Perovskites technology - beyond efficiency records
In the past decade, continued technology advances and cost improvements have made solar PV one of the most dynamic industries of our time, as it continues to make a significant and growing contribution to the global energy mix. Technological innovation is taking place in a context of extreme price competition among solar manufacturers, which explains the focus of the industry on decreasing manufacturing costs, increasing efficiencies, and reducing losses at all segments and stages of the manufacturing process.
The average efficiency of commercial silicon modules has improved in recent years, in the range of 0.3-0.4 percentage point per year. These efficiency gains have taken place in a very competitive environment, since module prices have fallen more than 70% in just the past six years.
However, since mainstream technologies, such as p-type passivated emitter and rear cells (PERCs), are slowly reaching their physical limits of conversion efficiencies, the industry is increasingly focused both on optimizing new techniques and innovations and on applying new PV materials and technologies such as perovskite. A perovskite solar cell (PSC) is a type of solar cell that includes a cubical perovskite structured compound, which is the light-harvesting active layer that is mostly based on a hybrid organic-inorganic lead or tin halide material.
The conversion efficiency of a PSC has been continuously increasing during the past 10 years. Considering that perovskite material for solar technology is in the very early stage of development, the efficiency improvements from 3.8% in 2009 to about 23% in 2018 are a staggering achievement. This efficiency learning curve is much steeper compared to any other emerging PV technologies. Although the efficiencies refer to lab efficiencies and not to mass production commercial cells, they still indicate that perovskites can have a huge impact on the solar industry.
The PSC technology shares many similarities with other so-called third-generation solar cells. Particularly in terms of cell design and processes it is very close to dye-sensitized solar cell (DSSC) and organic solar cell (OSC, or OPV cells).
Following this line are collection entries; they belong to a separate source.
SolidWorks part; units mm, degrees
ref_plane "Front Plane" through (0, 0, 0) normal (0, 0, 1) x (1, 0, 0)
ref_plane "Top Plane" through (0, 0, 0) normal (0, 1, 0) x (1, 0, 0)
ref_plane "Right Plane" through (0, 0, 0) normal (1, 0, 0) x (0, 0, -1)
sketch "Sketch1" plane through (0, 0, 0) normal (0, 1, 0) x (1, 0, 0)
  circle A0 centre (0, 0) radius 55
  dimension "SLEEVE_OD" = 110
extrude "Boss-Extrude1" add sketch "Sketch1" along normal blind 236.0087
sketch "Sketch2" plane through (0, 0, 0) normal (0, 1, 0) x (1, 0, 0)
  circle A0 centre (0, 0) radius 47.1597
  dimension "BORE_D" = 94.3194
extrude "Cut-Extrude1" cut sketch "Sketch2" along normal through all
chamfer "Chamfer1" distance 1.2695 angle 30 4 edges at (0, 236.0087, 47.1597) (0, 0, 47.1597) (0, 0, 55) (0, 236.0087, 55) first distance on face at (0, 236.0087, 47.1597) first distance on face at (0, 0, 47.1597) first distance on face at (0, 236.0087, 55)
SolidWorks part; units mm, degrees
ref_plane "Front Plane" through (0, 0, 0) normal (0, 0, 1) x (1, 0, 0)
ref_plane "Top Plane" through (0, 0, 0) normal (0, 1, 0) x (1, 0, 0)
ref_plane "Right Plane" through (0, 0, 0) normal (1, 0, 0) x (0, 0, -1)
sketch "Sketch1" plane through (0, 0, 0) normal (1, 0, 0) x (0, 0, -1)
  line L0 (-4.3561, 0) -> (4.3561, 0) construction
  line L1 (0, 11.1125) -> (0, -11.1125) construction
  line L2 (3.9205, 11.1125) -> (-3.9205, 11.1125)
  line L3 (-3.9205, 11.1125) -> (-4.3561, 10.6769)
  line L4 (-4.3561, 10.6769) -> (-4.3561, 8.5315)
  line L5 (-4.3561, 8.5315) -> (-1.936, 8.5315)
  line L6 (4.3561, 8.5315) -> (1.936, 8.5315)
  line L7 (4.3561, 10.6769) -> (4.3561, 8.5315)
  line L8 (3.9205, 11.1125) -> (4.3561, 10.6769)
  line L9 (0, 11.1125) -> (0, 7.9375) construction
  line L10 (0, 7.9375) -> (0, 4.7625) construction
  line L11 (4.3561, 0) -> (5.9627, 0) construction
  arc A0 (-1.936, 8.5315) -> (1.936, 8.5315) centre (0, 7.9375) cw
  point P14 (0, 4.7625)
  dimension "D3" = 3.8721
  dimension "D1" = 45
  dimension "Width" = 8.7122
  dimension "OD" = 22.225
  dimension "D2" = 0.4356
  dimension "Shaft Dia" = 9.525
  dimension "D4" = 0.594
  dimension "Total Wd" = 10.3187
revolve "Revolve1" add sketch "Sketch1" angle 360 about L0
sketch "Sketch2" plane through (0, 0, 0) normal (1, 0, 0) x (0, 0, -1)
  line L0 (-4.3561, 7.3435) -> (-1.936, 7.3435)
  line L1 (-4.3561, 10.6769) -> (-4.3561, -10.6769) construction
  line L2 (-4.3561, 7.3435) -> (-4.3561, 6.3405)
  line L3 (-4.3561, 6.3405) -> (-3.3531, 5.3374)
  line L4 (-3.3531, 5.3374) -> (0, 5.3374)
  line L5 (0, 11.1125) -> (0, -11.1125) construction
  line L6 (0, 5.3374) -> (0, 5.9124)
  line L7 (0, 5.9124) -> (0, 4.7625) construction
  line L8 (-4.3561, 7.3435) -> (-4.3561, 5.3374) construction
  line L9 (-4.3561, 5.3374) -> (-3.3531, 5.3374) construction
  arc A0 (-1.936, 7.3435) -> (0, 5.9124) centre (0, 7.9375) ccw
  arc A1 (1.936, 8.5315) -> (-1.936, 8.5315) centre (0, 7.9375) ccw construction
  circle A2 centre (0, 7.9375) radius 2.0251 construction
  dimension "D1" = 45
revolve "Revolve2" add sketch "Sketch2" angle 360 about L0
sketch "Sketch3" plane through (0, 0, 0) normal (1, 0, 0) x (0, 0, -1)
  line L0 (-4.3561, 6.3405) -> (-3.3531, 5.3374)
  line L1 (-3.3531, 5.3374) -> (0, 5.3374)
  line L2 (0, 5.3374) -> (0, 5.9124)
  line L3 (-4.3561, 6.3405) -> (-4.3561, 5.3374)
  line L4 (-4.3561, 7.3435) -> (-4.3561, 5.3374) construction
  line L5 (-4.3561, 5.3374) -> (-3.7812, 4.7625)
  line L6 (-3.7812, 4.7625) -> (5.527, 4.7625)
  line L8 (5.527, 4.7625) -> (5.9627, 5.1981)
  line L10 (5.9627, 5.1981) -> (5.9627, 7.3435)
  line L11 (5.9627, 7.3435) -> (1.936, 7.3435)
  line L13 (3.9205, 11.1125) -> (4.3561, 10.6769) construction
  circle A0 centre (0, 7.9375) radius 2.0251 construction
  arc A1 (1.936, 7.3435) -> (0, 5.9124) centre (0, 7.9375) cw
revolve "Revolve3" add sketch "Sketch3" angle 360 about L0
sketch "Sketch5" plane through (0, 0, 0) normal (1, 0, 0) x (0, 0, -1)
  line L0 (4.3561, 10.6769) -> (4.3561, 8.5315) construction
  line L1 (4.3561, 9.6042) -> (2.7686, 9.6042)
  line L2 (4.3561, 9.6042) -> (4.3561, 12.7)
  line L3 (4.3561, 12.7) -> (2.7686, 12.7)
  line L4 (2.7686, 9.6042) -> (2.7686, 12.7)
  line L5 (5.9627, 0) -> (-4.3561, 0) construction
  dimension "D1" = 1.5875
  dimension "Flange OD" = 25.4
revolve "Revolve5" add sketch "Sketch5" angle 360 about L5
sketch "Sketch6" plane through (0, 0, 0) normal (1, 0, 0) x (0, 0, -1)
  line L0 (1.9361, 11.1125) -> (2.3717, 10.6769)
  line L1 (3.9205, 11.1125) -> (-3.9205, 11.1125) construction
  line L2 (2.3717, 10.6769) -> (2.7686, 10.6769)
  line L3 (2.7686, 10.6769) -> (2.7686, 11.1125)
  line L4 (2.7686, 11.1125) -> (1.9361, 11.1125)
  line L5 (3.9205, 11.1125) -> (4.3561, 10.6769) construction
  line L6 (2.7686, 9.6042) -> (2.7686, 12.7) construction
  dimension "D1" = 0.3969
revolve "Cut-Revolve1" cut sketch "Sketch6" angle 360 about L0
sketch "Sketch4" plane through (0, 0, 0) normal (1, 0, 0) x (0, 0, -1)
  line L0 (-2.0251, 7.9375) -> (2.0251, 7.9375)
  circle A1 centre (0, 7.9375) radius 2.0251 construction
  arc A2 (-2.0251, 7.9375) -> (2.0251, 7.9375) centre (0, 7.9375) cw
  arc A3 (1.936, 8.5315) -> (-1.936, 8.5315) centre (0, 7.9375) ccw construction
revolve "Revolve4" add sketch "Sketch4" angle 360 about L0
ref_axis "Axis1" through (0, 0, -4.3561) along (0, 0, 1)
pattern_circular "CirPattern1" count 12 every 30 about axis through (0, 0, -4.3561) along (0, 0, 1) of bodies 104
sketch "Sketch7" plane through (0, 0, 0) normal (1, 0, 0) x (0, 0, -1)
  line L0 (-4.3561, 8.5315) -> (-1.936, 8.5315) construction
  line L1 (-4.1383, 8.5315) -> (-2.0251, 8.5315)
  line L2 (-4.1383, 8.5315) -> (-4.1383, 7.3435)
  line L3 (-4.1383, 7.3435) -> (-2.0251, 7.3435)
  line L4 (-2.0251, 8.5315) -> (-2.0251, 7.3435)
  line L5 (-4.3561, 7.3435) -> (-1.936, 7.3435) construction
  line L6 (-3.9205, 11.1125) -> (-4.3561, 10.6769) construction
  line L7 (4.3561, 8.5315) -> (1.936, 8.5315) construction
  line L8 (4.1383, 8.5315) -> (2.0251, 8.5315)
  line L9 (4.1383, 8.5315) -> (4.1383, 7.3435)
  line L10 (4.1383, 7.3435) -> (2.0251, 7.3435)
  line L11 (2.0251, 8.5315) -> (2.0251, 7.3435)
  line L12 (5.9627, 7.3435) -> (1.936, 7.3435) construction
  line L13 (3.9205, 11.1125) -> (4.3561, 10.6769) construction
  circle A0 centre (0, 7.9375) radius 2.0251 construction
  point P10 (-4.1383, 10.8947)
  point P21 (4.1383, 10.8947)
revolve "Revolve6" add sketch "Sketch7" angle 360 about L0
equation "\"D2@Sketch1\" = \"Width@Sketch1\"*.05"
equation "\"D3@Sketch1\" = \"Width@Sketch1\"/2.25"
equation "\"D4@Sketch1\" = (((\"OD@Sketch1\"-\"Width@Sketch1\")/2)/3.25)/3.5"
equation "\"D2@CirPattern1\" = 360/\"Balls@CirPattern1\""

However, the rapid progress of PSCs can only partially be explained by that similarity, because each of the mentioned technologies is being developed independently.
There is more than one process to produce PSC modules. In its simplest method, PSCs can be manufactured by roll-to-roll coating, including well-known technologies such as slot die, spray coating, and ink-jet printing, or through evaporation. This process essentially eliminates the need for wafer manufacturing and other related processes used in crystalline silicon (c-Si) cells.
Figure 1: Simplified schematic diagram of slot die coating
Another advantage of PSC manufacturing is that perovskite can be used in both single-junction and tandem-junction technologies. The single-junction technology is the simplest form, relying on a single layer of perovskite material, which supplies the photoelectric effect. In that form the PSC can reach conversion efficiencies of up to 23%. To increase the efficiency to 27% and beyond, many research institutes and start-ups are at this moment exploring using a tandem cell, which is a type of multijunction cell combining the PSC as an additional absorption layer on standard c-Si cells, or on thin films such as CIGS and CdTe modules.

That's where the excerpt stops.